有名なワトソンの本が人間ドラマに軸足を置いて書かれていたのに対して、本書は科学そのものに焦点が当てられている。また、"DNA後"の著者の研究についても、かなりのページ数が書かれているのが、本書の特徴と言えると思う。その意味では、生化学や分子生物学の知識なしに楽しめるワトソンの本とは一線を画している。

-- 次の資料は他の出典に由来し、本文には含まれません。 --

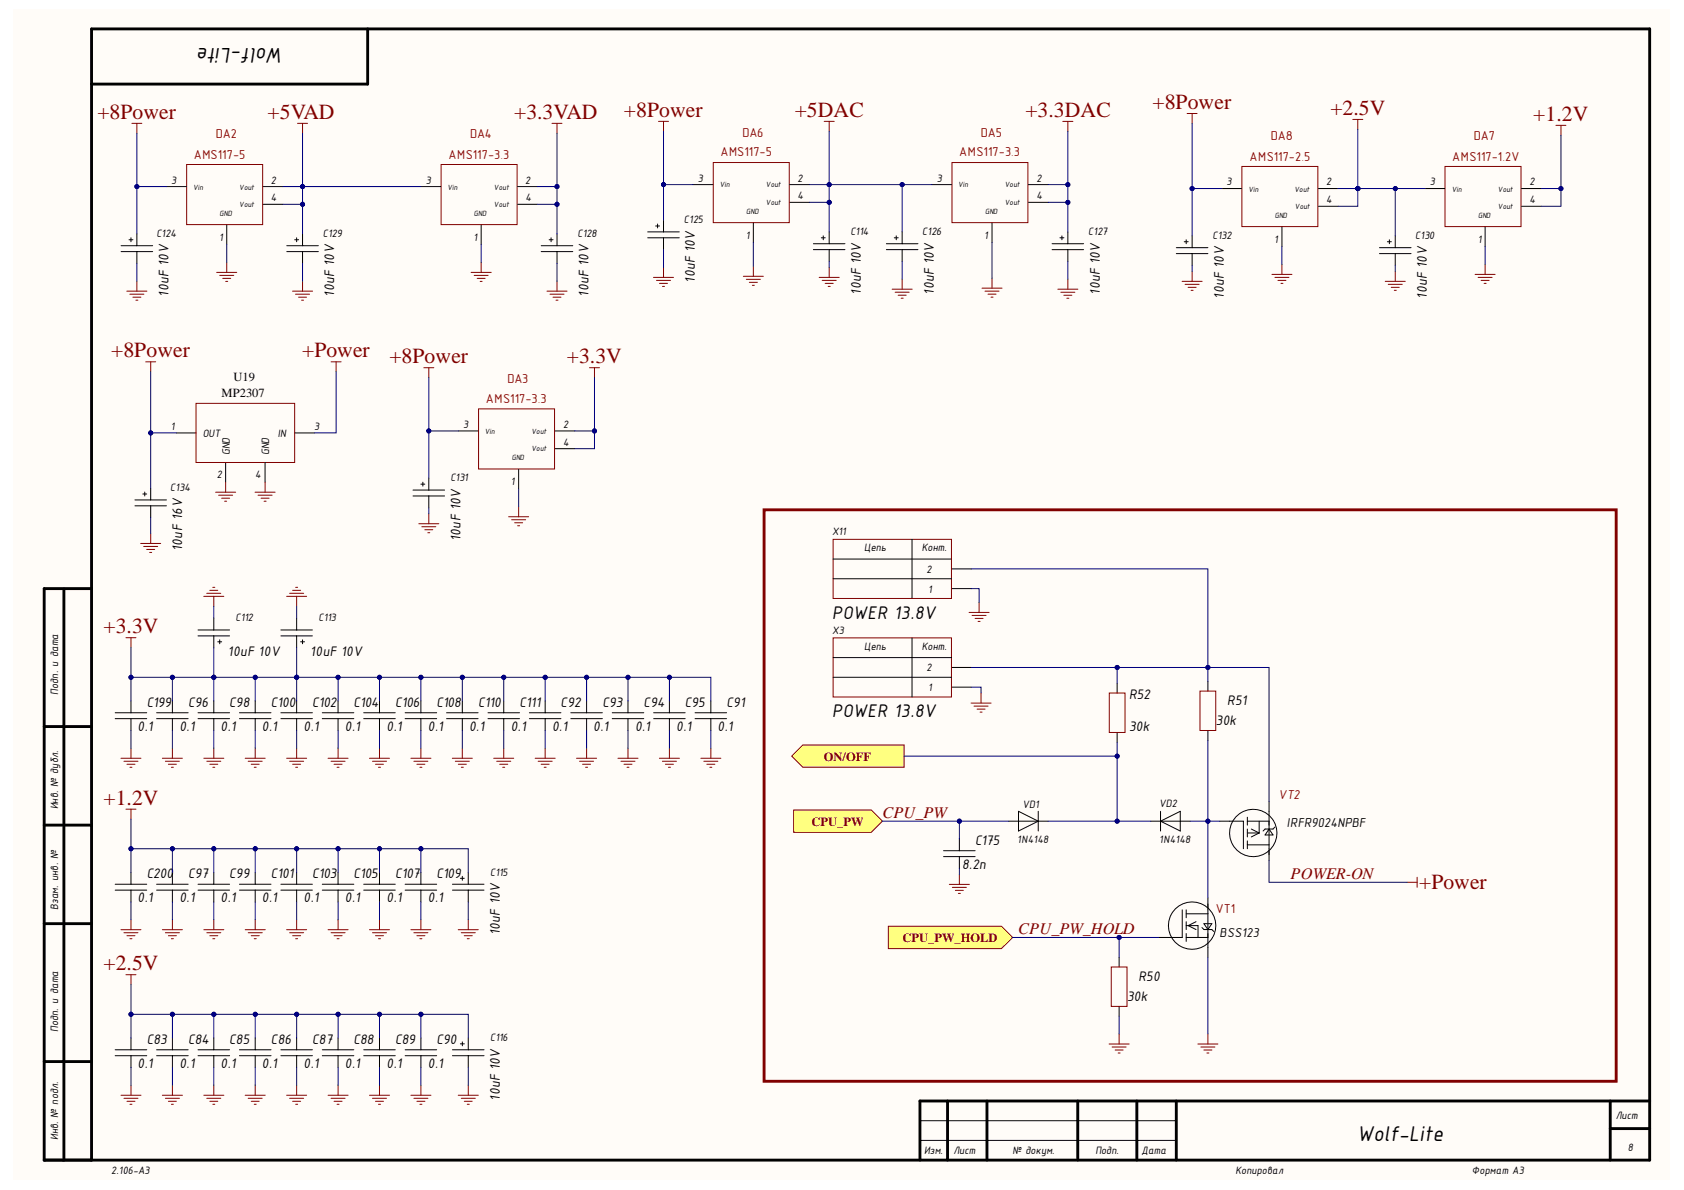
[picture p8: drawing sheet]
<svg xmlns="http://www.w3.org/2000/svg" width="297mm" height="210mm" viewBox="0 0 297 210" stroke-linecap="round" stroke-linejoin="round" font-family="sans-serif">
<g fill="#fffcf8">
<path d="M2.2 1.6h292.3v206.5h-292.3z" fill-rule="evenodd"/>
<path d="M2.2 1.6h292.3v206.5h-292.3z" fill-rule="evenodd"/>
</g>
<g fill="none" stroke="#000" stroke-width=".51">
<path d="M64.8 5.1v9.7h-48.7M7.8 103.8v100.8h283.2v-199.5h-274.9v199.5M7.8 103.8h8.3M11.3 103.8v100.8M7.8 128.2h8.3M7.8 145.5h8.3M7.8 162.9h8.3M7.8 187.3h8.3M167.1 194.2v10.4M174.1 194.2v10.4M190.1 194.2v10.4M200.5 194.2v10.4"/>
<path d="M207.5 194.2v10.4M284 194.2v10.4M284 199.1h7M291 194.2h-128.7v10.4"/>
</g>
<g fill="none" stroke="#000" stroke-width=".18">
<path d="M29.4 32.9h3.5M40 39.7v3.4M46.4 32.9h3.5M46.4 36h3.5M74.3 32.9h3.4M84.9 39.7v3.4M91.3 32.9h3.5M91.3 36h3.5M115.6 39.9h.7M116 39.5v.7M117 38.8v2.1M122.3 32.6h3.5"/>
<path d="M132.9 39.3v3.5M139.3 32.6h3.5M139.3 35.7h3.5M164.4 32.6h3.5M175 39.3v3.5M181.4 32.6h3.5M181.4 35.7h3.5M215.5 33.3h3.5M232.5 33.3h3.5M232.6 36.4h3.4M251.4 33.3h3.4M268.4 33.3h3.5"/>
<path d="M268.4 36.4h3.5M21.4 43.3h5.5M21.4 44.4h5.5M22.8 42.3h.6M23.1 41.9v.7M24.1 41.3v2M24.1 44.4v2.1M50.6 43.3h5.6M50.6 44.4h5.6M52 42.3h.7M52.3 41.9v.7M53.4 41.3v2"/>
<path d="M53.4 44.4v2.1M95.5 43.3h5.5M95.5 44.4h5.5M96.9 42.3h.7M97.2 41.9v.7M98.2 41.3v2M98.2 44.4v2.1M114.2 41.9h5.6M114.2 40.9h5.6M117 41.9v2.1M143.5 43h5.5M143.5 44h5.5"/>
<path d="M144.9 41.9h.7M145.2 41.6v.7M146.3 40.9v2.1M146.3 44v2.1M156.3 43h5.6M156.3 44h5.6M157.7 41.9h.7M158.1 41.6v.7M159.1 40.9v2.1M159.1 44v2.1M185.6 43h5.5M185.6 44h5.5"/>
<path d="M187 41.9h.7M187.3 41.6v.7M188.4 40.9v2.1M188.4 44v2.1M207.5 43.7h5.6M207.5 44.7h5.6M208.9 42.6h.7M209.2 42.3v.7M210.3 41.6v2.1M210.3 44.7v2.1M226.1 40v3.5M243.3 43.7h5.6"/>
<path d="M243.3 44.7h5.6M244.7 42.6h.7M245.1 42.3v.7M246.1 41.6v2.1M246.1 44.7v2.1M262 40v3.5M80.9 76h3.5M97.9 76h3.5M97.9 79.1h3.5M72.8 86.4h5.6M72.8 87.5h5.6M74.2 85.4h.7"/>
<path d="M74.6 85.1v.6M75.6 84.4v2M75.6 87.5v2.1M91.5 82.8v3.5M34.9 112.2h5.6M34.9 111.1h5.6M37.7 109v2.1M37.7 112.2v2.1M38.4 113.2h.7M38.8 112.9v.7M49.5 112.2h5.6M49.5 111.1h5.6"/>
<path d="M52.3 109v2.1M52.3 112.2v2.1M53 113.2h.7M53.4 112.9v.7M20.3 125.7h5.6M20.3 126.8h5.6M23.1 123.6v2.1M23.1 126.8v2.1M27.6 125.7h5.6M27.6 126.8h5.6M30.4 123.6v2.1M30.4 126.8v2.1"/>
<path d="M34.9 125.7h5.6M34.9 126.8h5.6M37.7 123.6v2.1M37.7 126.8v2.1M42.2 125.7h5.6M42.2 126.8h5.6M45 123.6v2.1M45 126.8v2.1M49.5 125.7h5.6M49.5 126.8h5.6M52.3 123.6v2.1M52.3 126.8v2.1"/>
<path d="M56.8 125.7h5.6M56.8 126.8h5.6M59.6 123.6v2.1M59.6 126.8v2.1M64.2 125.7h5.5M64.2 126.8h5.5M66.9 123.6v2.1M66.9 126.8v2.1M71.5 125.7h5.5M71.5 126.8h5.5M74.2 123.6v2.1M74.2 126.8v2.1"/>
<path d="M78.8 125.7h5.5M78.8 126.8h5.5M81.5 123.6v2.1M81.5 126.8v2.1M86.1 125.7h5.5M86.1 126.8h5.5M88.9 123.6v2.1M88.9 126.8v2.1M93.4 125.7h5.5M93.4 126.8h5.5M96.2 123.6v2.1M96.2 126.8v2.1"/>
<path d="M100.7 125.7h5.5M100.7 126.8h5.5M103.5 123.6v2.1M103.5 126.8v2.1M108 125.7h5.6M108 126.8h5.6M110.8 123.6v2.1M110.8 126.8v2.1M115.3 125.7h5.6M115.3 126.8h5.6M118.1 123.6v2.1M118.1 126.8v2.1"/>
<path d="M122.6 125.7h5.6M122.6 126.8h5.6M125.4 123.6v2.1M125.4 126.8v2.1M20.3 156h5.6M20.3 157h5.6M23.1 153.9v2.1M23.1 157v2.1M27.6 156h5.6M27.6 157h5.6M30.4 153.9v2.1M30.4 157v2.1"/>
<path d="M34.9 156h5.6M34.9 157h5.6M37.7 153.9v2.1M37.7 157v2.1M42.2 156h5.6M42.2 157h5.6M45 153.9v2.1M45 157v2.1M49.5 156h5.6M49.5 157h5.6M52.3 153.9v2.1M52.3 157v2.1"/>
<path d="M56.8 156h5.6M56.8 157h5.6M59.6 153.9v2.1M59.6 157v2.1M64.2 156h5.5M64.2 157h5.5M66.9 153.9v2.1M66.9 157v2.1M71.5 156h5.5M71.5 157h5.5M74.2 153.9v2.1M74.2 157v2.1"/>
<path d="M79.8 156h5.6M79.8 157h5.6M81.2 154.9h.7M81.5 154.6v.7M82.6 153.9v2.1M82.6 157v2.1M213.1 158.4v10.4M215.1 144.8h4.2v4.9M220 144.8h3.8M220 144.2v1.3M220 146.2v1.4M220 148.3v1.4"/>
<path d="M220 149h3.8M220 146.9h2.1M220.7 146.2l1.4 .7M222.1 146.9l-1.4 .7M222.1 144.8v2.1M223.8 141.4v10.4M223.8 146.2l.7 1.1h-1.4zM224.7 144.9a4.2 4.2 0 0 0-7.1-.3 4.2 4.2 0 0 0 2.8 6.5 4.2 4.2 0 0 0 4.7-5.4l-.4-.7M224.9 145.9l-.4 .3h-1.4l-.3 .4M208.5 160.5v4.9h-4.1M209.2 160.5v1.4M209.2 162.6v1.4"/>
<path d="M209.2 164.7v1.4M209.2 165.4h3.9M209.2 161.2h3.9M209.2 163.3h2.1v2.1M211 162.6l-1.4 .7 1.4 .7M212 163.6l.4 .4h1.4l.3 .3M212.4 162.9h1.4l-.7 1.1zM214 165.2a4.2 4.2 0 0 0-3.5-6.1 4.2 4.2 0 0 0-4.1 5.8 4.2 4.2 0 0 0 7 1.1l.5-.7M20.3 185.2h5.6M20.3 186.2h5.6M23.1 183.1v2.1M23.1 186.2v2.1"/>
<path d="M27.6 185.2h5.6M27.6 186.2h5.6M30.4 183.1v2.1M30.4 186.2v2.1M34.9 185.2h5.6M34.9 186.2h5.6M37.7 183.1v2.1M37.7 186.2v2.1M42.2 185.2h5.6M42.2 186.2h5.6M45 183.1v2.1M45 186.2v2.1"/>
<path d="M49.5 185.2h5.6M49.5 186.2h5.6M52.3 183.1v2.1M52.3 186.2v2.1M56.8 185.2h5.6M56.8 186.2h5.6M59.6 183.1v2.1M59.6 186.2v2.1M64.2 185.2h5.5M64.2 186.2h5.5M66.9 183.1v2.1M66.9 186.2v2.1"/>
<path d="M71.5 185.2h5.5M71.5 186.2h5.5M74.2 183.1v2.1M74.2 186.2v2.1M79.8 185.2h5.6M79.8 186.2h5.6M81.2 184.1h.7M81.6 183.8v.7M82.6 183.1v2.1M82.6 186.2v2.1M162.3 197.7h45.2M162.3 201.2h45.2"/>
</g>
<g fill="none" stroke="#800000" stroke-width=".18">
<path d="M23.3 21.8h1.7M24.1 21.8v1.7M32.9 29h13.4v10.6h-13.4zM52.5 21.8h1.8M53.4 21.8v1.7M77.8 29h13.4v10.6h-13.4zM97.4 21.8h1.7M98.2 21.8v1.7M116.2 21.4h1.7M117 21.4v1.8M125.8 28.7h13.4v10.6h-13.4zM145.4 21.4h1.7"/>
<path d="M146.3 21.4v1.8M167.9 28.7h13.4v10.6h-13.4zM187.5 21.4h1.7M188.4 21.4v1.8M209.4 20h1.8M210.3 20v1.8M219.1 29.4h13.4v10.6h-13.4zM238.6 21.1h1.8M239.5 21.1v1.7M254.9 29.4h13.4v10.6h-13.4zM274.4 22.1h1.8M275.3 22.1v1.8"/>
<path d="M22.4 51.4h3.5M22.9 51.9h2.5M23.4 52.4h1.5M24 52.9h.3M24.1 49.6v1.8M38.2 48h3.6M38.8 48.6h2.4M39.3 49.1h1.4M39.8 49.6h.4M40 46.3v1.7M51.6 51.4h3.5M52.1 51.9h2.5"/>
<path d="M52.7 52.4h1.4M53.2 52.9h.3M53.4 49.6v1.8M83.1 48h3.5M83.6 48.6h2.5M84.2 49.1h1.4M84.7 49.6h.3M84.9 46.3v1.7M96.5 51.4h3.5M97 51.9h2.5M97.5 52.4h1.5M98.1 52.9h.3"/>
<path d="M98.2 49.6v1.8M115.3 48.9h3.5M115.8 49.5h2.5M116.3 50h1.4M116.9 50.5h.3M117 47.2v1.7M131.1 48.7h3.5M131.6 49.3h2.5M132.2 49.8h1.4M132.7 50.3h.4M132.9 47v1.7M144.5 48.9h3.5"/>
<path d="M145 49.5h2.5M145.6 50h1.4M146.1 50.5h.3M146.3 47.2v1.7M157.4 51h3.5M157.9 51.5h2.5M158.4 52.1h1.4M159 52.6h.3M159.1 49.2v1.8M173.2 50.8h3.5M173.7 51.4h2.5M174.3 51.9h1.4"/>
<path d="M174.8 52.4h.4M175 49.1v1.7M186.6 51h3.5M187.1 51.5h2.5M187.6 52.1h1.5M188.2 52.6h.3M188.4 49.2v1.8M208.5 49.6h3.5M209 50.2h2.5M209.6 50.7h1.4M210.1 51.2h.3M210.3 47.9v1.7"/>
<path d="M224.4 48.4h3.5M224.9 48.9h2.5M225.4 49.5h1.4M226 50h.3M226.1 46.6v1.8M244.3 49.6h3.6M244.9 50.2h2.4M245.4 50.7h1.4M245.9 51.2h.4M246.1 47.9v1.7M260.2 48.4h3.5M260.7 48.9h2.5"/>
<path d="M261.2 49.5h1.5M261.8 50h.3M262 46.6v1.8M74.7 64.9h1.8M75.6 64.9v1.7M84.4 72.1h13.4v10.6h-13.4zM104 64.9h1.7M104.9 64.9v1.7M73.9 92.4h3.5M74.4 92.9h2.5M74.9 93.4h1.4M75.5 94h.3"/>
<path d="M75.6 90.6v1.8M89.7 91.2h3.5M90.2 91.7h2.5M90.8 92.2h1.4M91.3 92.7h.4M91.5 89.4v1.8M22.2 112.5h1.8M23.1 112.5v1.8M35.9 105.2h3.6M36.5 104.7h2.4M37 104.1h1.4M37.5 103.6h.4"/>
<path d="M37.7 105.2v1.8M50.6 105.2h3.5M51.1 104.7h2.5M51.6 104.1h1.4M52.1 103.6h.4M52.3 105.2v1.8M21.3 133.7h3.6M21.9 134.3h2.4M22.4 134.8h1.4M22.9 135.3h.4M23.1 132v1.7M28.6 133.7h3.6"/>
<path d="M29.2 134.3h2.4M29.7 134.8h1.4M30.2 135.3h.4M30.4 132v1.7M35.9 133.7h3.6M36.5 134.3h2.4M37 134.8h1.4M37.5 135.3h.4M37.7 132v1.7M43.3 133.7h3.5M43.8 134.3h2.5M44.3 134.8h1.4"/>
<path d="M44.8 135.3h.4M45 132v1.7M50.6 133.7h3.5M51.1 134.3h2.5M51.6 134.8h1.4M52.1 135.3h.4M52.3 132v1.7M57.9 133.7h3.5M58.4 134.3h2.5M58.9 134.8h1.4M59.5 135.3h.3M59.6 132v1.7"/>
<path d="M65.2 133.7h3.5M65.7 134.3h2.5M66.2 134.8h1.4M66.8 135.3h.3M66.9 132v1.7M72.5 133.7h3.5M73 134.3h2.5M73.5 134.8h1.4M74.1 135.3h.3M74.2 132v1.7M79.8 133.7h3.5M80.3 134.3h2.5"/>
<path d="M80.8 134.8h1.5M81.4 135.3h.3M81.5 132v1.7M87.1 133.7h3.5M87.6 134.3h2.5M88.1 134.8h1.5M88.7 135.3h.3M88.9 132v1.7M94.4 133.7h3.5M94.9 134.3h2.5M95.5 134.8h1.4M96 135.3h.3"/>
<path d="M96.2 132v1.7M101.7 133.7h3.5M102.2 134.3h2.5M102.8 134.8h1.4M103.3 135.3h.3M103.5 132v1.7M109 133.7h3.5M109.5 134.3h2.5M110.1 134.8h1.4M110.6 135.3h.4M110.8 132v1.7M116.3 133.7h3.5"/>
<path d="M116.8 134.3h2.5M117.4 134.8h1.4M117.9 135.3h.4M118.1 132v1.7M123.6 133.7h3.6M124.1 134.3h2.5M124.7 134.8h1.4M125.2 135.3h.4M125.4 132v1.7M22.2 142.7h1.8M23.1 142.7v1.8M21.3 164h3.6"/>
<path d="M21.9 164.5h2.4M22.2 171.9h1.8M22.4 165.1h1.4M22.9 165.6h.4M23.1 162.2v1.8M23.1 171.9v1.8M28.6 164h3.6M29.2 164.5h2.4M29.7 165.1h1.4M30.2 165.6h.4M30.4 162.2v1.8M35.9 164h3.6"/>
<path d="M36.5 164.5h2.4M37 165.1h1.4M37.5 165.6h.4M37.7 162.2v1.8M43.3 164h3.5M43.8 164.5h2.5M44.3 165.1h1.4M44.8 165.6h.4M45 162.2v1.8M50.6 164h3.5M51.1 164.5h2.5M51.6 165.1h1.4"/>
<path d="M52.1 165.6h.4M52.3 162.2v1.8M57.9 164h3.5M58.4 164.5h2.5M58.9 165.1h1.4M59.5 165.6h.3M59.6 162.2v1.8M65.2 164h3.5M65.7 164.5h2.5M66.2 165.1h1.4M66.8 165.6h.3M66.9 162.2v1.8"/>
<path d="M72.5 164h3.5M73 164.5h2.5M73.5 165.1h1.4M74.1 165.6h.3M74.2 162.2v1.8M80.8 164h3.6M81.4 164.5h2.4M81.9 165.1h1.4M82.4 165.6h.4M82.6 162.2v1.8M21.3 193.2h3.6M21.9 193.7h2.4"/>
<path d="M22.4 194.3h1.4M22.9 194.8h.4M23.1 191.4v1.8M28.6 193.2h3.6M29.2 193.7h2.5M29.7 194.3h1.4M30.2 194.8h.4M30.4 191.4v1.8M35.9 193.2h3.6M36.5 193.7h2.4M37 194.3h1.4M37.5 194.8h.4"/>
<path d="M37.7 191.4v1.8M43.3 193.2h3.5M43.8 193.7h2.5M44.3 194.3h1.4M44.8 194.8h.4M45 191.4v1.8M50.6 193.2h3.5M51.1 193.7h2.5M51.6 194.3h1.4M52.2 194.8h.3M52.3 191.4v1.8M57.9 193.2h3.5"/>
<path d="M58.4 193.7h2.5M58.9 194.3h1.4M59.5 194.8h.3M59.6 191.4v1.8M65.2 193.2h3.5M65.7 193.7h2.5M66.2 194.3h1.4M66.8 194.8h.3M66.9 191.4v1.8M72.5 193.2h3.5M73 193.7h2.5M73.5 194.3h1.5"/>
<path d="M74.1 194.8h.3M74.2 191.4v1.8M80.8 193.2h3.6M81.4 193.7h2.4M81.9 194.3h1.4M82.4 194.8h.4M82.6 191.4v1.8"/>
</g>
<path d="M156.7 163.4h19.9l2 2-2 1.9h-19.9z" fill-rule="evenodd" fill="#ffff80"/>
<g fill="none" stroke="#800000" stroke-width=".18">
<path d="M147 112.5h20.8v10.4h-20.8zM195.7 122.2h2.7v7h-2.7zM211.7 121.9h2.7v7h-2.7zM156.7 163.4h19.9l2 2-2 1.9h-19.9zM196 170.6h2.8v6.9h-2.8zM195.6 184.2h3.6M196.2 184.7h2.4M196.7 185.2h1.4M197.2 185.7h.4M197.4 182.4v1.8M211.3 184.2h3.5M211.8 184.7h2.5"/>
<path d="M212.4 185.2h1.4M212.9 185.7h.3M213.1 182.4v1.8"/>
</g>
<path d="M147 116h20.8M147 119.5h20.8M160.9 112.5v10.4M167.8 117.7h3.5M167.8 121.2h3.5M197 120.5v1.7M197 129.2v1.7M213.1 120.2v1.7M213.1 128.9v1.7M197.4 168.8v1.8M197.4 177.5v1.8" fill="none" stroke="#000" stroke-width=".18"/>
<path d="M141.6 131.4h17.9v3.9h-17.9l-1.9-1.9z" fill-rule="evenodd" fill="#ffff80"/>
<path d="M141.6 131.4h17.9v3.9h-17.9l-1.9-1.9zM167.5 156h3.5M168 156.5h2.5M168.5 157.1h1.4M169 157.6h.4M169.2 154.2v1.8M248.2 155.6h1.8M250 154.7v1.8" fill="none" stroke="#800000" stroke-width=".18"/>
<path d="M166.4 150.1h5.6M166.4 151.1h5.6M169.2 148v2.1M169.2 151.1v2.1M177.9 144.8h7M179.7 143.1l3.4 1.7-3.4 1.8zM183.1 143.1v3.5M203 144.8h6.9M204.7 143.1v3.5M204.7 144.8l3.5-1.7v3.5z" fill="none" stroke="#000" stroke-width=".18"/>
<path d="M134.8 89.9h150.3v100.8h-150.3z" fill="none" stroke="#800000" stroke-width=".51"/>
<path d="M140 142.9h13.7l1.9 1.9-1.9 2h-13.7z" fill-rule="evenodd" fill="#ffff80"/>
<g fill="none" stroke="#800000" stroke-width=".18">
<path d="M25.7 63.8h1.8M26.6 63.8v1.8M34.6 71.1h17.4v10.5h-17.4zM58.4 63.8h1.8M59.3 63.8v1.8M24.8 95.9h3.5M25.3 96.4h2.5M25.9 96.9h1.4M26.4 97.4h.4M26.6 94.1v1.8M38 86.8h3.6M38.6 87.3h2.4"/>
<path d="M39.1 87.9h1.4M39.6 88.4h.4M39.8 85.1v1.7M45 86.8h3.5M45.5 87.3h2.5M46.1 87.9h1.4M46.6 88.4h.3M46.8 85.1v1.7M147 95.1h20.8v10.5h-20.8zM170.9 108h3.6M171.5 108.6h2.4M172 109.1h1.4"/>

興味深かったのは、塩基対というアイデアがシャルガフの規則を前提にしているという整理された通説を少なくとも個人的なレベルでは否定していることだ。シャルガフの規則があったからこそクリックらのモデルが十分な蓋然性を持つものとして受け入れられたという側面は否定出来ないと思うが、元々はそれとは関係ない著者らの棚ボタ的思いつきが出発点になったという。
科学の方法論に関して、著者が強調しているのは、「モデル」と「デモンストレーション」を区別するべきだということだ。モデルは数多くの実験事実を統合するような仮説であって、デモンストレーションあるいは「『気にかけない』理論」は単に説明がつく程度で少数の実験事実と適合するにすぎない理論のことを言うのだという。クリックは、理論家が後者に惑溺しがちであると複数の実名を挙げて幾度も批判している。DNAのモデルで名声を得ただけのことはあり、この種の議論には相当な思い入れがあるようだ。